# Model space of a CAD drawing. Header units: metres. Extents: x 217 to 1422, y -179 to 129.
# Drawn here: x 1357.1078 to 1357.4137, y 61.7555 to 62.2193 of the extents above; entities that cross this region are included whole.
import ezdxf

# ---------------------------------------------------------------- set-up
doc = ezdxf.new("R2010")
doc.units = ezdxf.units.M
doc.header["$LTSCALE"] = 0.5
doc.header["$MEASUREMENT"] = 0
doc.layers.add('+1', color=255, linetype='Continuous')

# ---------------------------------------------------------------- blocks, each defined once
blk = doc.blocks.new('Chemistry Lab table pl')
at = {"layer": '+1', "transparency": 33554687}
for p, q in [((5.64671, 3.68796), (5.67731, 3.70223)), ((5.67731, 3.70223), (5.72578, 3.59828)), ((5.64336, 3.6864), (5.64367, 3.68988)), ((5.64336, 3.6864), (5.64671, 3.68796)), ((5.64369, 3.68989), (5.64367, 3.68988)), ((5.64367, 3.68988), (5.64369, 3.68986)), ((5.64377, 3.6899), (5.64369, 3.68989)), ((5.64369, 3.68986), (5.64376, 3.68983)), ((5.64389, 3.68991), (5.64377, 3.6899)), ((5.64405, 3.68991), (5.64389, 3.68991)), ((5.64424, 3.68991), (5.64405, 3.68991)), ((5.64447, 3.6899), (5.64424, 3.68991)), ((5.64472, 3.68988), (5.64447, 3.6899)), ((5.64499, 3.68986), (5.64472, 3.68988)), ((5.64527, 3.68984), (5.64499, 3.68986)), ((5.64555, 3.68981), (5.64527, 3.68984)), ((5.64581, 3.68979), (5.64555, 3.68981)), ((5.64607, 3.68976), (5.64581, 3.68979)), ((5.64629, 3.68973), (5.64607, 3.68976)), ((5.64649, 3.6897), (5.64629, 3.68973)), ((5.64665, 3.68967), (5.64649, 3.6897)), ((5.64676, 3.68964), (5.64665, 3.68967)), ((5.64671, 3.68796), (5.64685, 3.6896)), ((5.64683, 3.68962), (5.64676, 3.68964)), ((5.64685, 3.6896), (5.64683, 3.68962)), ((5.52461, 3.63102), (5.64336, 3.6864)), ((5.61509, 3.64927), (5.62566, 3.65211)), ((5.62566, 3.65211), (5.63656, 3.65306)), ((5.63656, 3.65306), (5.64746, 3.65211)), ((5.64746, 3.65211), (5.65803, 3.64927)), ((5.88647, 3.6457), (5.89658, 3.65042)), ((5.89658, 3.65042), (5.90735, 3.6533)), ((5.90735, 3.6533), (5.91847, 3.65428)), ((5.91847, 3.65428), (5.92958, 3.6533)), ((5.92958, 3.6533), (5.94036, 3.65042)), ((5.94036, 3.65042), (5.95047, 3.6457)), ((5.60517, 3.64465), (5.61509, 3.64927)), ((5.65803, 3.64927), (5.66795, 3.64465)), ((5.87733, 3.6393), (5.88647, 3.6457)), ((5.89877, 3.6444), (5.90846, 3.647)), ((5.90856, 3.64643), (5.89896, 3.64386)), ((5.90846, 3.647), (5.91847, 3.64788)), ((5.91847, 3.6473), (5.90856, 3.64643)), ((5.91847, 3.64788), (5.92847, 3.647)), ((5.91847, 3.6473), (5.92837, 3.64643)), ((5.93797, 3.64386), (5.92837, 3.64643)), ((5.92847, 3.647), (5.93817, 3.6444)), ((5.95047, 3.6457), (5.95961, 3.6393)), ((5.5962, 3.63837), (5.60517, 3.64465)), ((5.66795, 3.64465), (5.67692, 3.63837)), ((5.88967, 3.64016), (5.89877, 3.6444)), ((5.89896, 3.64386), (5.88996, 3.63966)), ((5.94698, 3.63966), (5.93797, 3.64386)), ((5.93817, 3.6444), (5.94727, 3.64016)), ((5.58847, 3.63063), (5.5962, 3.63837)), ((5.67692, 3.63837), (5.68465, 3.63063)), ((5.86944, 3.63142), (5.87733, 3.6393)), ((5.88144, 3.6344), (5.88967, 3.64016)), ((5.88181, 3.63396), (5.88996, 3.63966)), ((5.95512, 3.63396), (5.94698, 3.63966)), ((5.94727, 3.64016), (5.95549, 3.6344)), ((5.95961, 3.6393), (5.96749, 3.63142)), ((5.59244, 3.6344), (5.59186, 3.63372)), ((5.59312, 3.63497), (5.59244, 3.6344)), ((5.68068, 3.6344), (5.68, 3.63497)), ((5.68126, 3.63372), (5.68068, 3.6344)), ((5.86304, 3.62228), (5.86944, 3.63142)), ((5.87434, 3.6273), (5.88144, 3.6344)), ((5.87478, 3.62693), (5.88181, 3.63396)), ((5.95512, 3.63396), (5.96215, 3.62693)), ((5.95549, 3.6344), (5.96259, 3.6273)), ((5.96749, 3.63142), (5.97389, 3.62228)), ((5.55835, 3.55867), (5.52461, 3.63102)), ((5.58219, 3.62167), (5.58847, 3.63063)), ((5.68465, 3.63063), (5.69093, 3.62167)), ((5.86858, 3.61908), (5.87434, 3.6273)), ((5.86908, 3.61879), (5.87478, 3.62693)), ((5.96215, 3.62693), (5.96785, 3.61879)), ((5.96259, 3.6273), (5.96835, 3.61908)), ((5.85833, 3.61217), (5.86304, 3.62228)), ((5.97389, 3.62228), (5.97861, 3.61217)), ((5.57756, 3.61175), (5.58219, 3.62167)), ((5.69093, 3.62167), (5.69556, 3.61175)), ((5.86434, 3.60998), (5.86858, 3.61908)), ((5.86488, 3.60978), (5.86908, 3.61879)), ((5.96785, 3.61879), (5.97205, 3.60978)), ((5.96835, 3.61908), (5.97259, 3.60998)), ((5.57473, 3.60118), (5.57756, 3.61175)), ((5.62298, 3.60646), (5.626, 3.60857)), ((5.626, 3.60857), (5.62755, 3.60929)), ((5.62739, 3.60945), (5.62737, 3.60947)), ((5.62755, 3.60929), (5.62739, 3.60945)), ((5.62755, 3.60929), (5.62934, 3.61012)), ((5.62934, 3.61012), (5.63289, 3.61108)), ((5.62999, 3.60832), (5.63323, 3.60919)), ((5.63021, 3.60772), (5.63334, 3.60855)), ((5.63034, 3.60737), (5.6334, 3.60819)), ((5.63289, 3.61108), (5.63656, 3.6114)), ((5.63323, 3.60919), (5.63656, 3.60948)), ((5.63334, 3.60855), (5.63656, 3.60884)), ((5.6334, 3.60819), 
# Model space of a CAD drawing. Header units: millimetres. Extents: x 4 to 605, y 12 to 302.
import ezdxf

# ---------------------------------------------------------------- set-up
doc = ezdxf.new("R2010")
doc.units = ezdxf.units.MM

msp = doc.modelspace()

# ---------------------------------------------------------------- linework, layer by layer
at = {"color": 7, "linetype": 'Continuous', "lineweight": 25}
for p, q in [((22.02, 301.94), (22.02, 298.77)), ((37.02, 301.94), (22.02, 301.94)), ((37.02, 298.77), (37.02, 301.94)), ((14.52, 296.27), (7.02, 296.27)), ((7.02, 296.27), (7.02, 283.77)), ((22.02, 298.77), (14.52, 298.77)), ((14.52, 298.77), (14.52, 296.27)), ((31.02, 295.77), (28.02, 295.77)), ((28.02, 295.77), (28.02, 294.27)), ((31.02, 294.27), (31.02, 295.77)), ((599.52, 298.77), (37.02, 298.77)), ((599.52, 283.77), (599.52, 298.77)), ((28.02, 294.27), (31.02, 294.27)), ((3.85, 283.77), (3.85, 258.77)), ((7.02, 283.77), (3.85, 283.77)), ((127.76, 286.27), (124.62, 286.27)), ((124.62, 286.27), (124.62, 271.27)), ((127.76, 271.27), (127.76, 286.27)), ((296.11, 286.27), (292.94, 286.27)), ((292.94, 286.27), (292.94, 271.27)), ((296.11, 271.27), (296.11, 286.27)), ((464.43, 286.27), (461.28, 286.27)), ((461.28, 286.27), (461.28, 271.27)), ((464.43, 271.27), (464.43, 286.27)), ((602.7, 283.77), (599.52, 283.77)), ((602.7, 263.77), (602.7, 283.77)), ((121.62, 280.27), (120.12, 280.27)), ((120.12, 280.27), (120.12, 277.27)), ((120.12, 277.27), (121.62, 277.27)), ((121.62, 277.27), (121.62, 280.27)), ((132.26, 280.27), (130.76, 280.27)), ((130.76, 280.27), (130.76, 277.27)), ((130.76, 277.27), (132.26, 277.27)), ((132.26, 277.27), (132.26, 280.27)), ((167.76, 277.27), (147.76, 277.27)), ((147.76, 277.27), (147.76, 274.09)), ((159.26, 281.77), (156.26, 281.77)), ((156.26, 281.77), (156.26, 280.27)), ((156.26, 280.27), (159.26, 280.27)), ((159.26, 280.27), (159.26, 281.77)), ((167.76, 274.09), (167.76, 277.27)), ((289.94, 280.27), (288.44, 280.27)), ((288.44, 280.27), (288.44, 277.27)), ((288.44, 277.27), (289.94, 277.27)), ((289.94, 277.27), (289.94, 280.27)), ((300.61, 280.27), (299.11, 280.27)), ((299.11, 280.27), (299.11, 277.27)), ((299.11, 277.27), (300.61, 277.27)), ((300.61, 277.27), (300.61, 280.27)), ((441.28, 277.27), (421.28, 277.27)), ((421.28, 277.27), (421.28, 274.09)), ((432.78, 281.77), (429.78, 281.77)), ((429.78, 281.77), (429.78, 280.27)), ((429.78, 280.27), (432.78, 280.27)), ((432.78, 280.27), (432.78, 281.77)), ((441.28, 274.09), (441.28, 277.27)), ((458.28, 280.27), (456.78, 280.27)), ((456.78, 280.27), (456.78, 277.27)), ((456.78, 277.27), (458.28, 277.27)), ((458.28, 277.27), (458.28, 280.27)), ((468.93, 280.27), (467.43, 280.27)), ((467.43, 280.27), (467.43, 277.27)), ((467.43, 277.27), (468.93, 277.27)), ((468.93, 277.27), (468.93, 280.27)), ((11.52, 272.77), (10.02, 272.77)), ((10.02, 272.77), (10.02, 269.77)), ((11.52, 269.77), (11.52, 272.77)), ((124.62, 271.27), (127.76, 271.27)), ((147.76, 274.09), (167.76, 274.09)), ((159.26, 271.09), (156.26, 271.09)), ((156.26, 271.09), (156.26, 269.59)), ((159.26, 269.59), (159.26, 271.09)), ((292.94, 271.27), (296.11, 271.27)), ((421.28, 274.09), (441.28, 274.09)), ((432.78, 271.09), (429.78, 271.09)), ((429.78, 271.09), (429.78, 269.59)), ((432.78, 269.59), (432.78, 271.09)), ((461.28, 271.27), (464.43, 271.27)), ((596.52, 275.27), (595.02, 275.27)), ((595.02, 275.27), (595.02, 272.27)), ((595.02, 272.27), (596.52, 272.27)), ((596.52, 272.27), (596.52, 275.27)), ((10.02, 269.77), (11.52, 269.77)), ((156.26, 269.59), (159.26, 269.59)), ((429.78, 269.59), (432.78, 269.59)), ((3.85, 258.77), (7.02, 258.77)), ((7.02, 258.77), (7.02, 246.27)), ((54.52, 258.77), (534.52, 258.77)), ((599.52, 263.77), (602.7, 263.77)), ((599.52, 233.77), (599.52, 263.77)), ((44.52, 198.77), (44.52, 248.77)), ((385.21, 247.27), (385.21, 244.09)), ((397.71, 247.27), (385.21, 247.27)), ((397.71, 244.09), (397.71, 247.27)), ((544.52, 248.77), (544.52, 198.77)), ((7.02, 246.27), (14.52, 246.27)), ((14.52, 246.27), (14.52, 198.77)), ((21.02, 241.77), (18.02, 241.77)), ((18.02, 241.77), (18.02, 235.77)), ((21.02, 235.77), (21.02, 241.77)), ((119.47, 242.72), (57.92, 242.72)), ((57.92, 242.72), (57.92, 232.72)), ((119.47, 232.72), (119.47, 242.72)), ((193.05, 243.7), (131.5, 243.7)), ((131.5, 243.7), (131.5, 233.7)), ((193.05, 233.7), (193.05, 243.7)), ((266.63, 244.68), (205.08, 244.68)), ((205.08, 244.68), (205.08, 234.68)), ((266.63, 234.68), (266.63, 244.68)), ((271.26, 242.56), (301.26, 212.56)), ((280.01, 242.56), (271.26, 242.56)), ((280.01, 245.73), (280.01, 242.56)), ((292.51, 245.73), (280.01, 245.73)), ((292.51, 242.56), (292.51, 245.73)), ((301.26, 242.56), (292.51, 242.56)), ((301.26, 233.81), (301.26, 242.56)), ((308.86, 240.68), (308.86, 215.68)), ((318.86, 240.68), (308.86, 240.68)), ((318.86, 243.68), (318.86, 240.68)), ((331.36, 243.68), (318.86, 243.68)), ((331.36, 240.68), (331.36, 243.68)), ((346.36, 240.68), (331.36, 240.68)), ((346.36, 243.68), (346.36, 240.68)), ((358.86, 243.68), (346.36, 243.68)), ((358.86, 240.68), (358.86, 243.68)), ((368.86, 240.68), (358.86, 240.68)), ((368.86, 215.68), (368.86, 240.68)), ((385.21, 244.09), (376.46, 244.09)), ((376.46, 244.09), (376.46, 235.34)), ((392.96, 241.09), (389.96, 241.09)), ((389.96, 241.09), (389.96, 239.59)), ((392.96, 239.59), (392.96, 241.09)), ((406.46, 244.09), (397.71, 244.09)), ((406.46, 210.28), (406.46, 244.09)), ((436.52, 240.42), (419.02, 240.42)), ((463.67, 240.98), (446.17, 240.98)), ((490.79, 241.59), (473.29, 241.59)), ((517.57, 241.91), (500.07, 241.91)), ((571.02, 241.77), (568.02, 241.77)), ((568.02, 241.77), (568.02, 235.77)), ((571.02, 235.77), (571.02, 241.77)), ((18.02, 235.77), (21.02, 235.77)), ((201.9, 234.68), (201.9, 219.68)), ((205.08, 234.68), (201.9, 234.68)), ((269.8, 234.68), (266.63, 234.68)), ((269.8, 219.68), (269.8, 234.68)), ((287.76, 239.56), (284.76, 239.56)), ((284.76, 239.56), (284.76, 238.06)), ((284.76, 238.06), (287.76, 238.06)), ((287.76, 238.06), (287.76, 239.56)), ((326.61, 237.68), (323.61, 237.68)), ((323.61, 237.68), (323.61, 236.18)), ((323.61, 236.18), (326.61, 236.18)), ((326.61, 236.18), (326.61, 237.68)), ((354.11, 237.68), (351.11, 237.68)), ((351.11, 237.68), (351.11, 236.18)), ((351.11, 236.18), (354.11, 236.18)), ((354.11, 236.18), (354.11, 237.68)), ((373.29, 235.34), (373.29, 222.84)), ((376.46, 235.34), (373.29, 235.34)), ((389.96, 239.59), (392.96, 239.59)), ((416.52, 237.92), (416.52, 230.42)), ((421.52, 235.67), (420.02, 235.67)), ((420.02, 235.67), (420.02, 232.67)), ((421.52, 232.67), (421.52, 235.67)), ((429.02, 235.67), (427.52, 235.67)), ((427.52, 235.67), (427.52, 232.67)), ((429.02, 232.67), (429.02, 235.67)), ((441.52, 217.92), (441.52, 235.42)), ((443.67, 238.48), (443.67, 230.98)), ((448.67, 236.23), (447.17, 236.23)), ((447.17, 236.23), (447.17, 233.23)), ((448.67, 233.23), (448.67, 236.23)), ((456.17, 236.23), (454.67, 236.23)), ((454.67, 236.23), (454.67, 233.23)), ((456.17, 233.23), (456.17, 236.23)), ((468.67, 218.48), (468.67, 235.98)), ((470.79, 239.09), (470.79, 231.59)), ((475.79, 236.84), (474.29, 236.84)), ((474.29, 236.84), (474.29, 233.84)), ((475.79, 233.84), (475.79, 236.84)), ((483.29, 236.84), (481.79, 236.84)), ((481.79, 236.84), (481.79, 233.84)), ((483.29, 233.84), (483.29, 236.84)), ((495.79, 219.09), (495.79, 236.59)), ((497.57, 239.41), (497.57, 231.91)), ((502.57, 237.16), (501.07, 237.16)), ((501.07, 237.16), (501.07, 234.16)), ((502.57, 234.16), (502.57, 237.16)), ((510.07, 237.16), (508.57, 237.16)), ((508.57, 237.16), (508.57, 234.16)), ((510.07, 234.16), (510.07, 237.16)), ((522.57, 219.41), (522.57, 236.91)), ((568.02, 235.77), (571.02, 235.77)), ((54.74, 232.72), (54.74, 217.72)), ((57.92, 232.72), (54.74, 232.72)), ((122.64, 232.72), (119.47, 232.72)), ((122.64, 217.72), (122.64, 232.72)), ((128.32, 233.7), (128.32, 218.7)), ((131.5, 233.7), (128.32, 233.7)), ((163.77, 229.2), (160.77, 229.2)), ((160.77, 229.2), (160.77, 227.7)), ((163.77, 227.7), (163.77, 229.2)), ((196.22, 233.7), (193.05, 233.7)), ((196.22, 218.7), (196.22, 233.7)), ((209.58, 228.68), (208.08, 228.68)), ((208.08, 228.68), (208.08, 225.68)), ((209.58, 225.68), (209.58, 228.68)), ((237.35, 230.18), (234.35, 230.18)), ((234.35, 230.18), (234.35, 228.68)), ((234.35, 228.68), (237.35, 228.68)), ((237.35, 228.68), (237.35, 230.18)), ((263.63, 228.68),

========================================

What you should do: For the word "drawing", find all matching lines in the entries above and copy them out.

Exercise solution:
# Model space of a CAD drawing. Header units: metres. Extents: x 217 to 1422, y -179 to 129.
# Model space of a CAD drawing. Header units: millimetres. Extents: x 4 to 605, y 12 to 302.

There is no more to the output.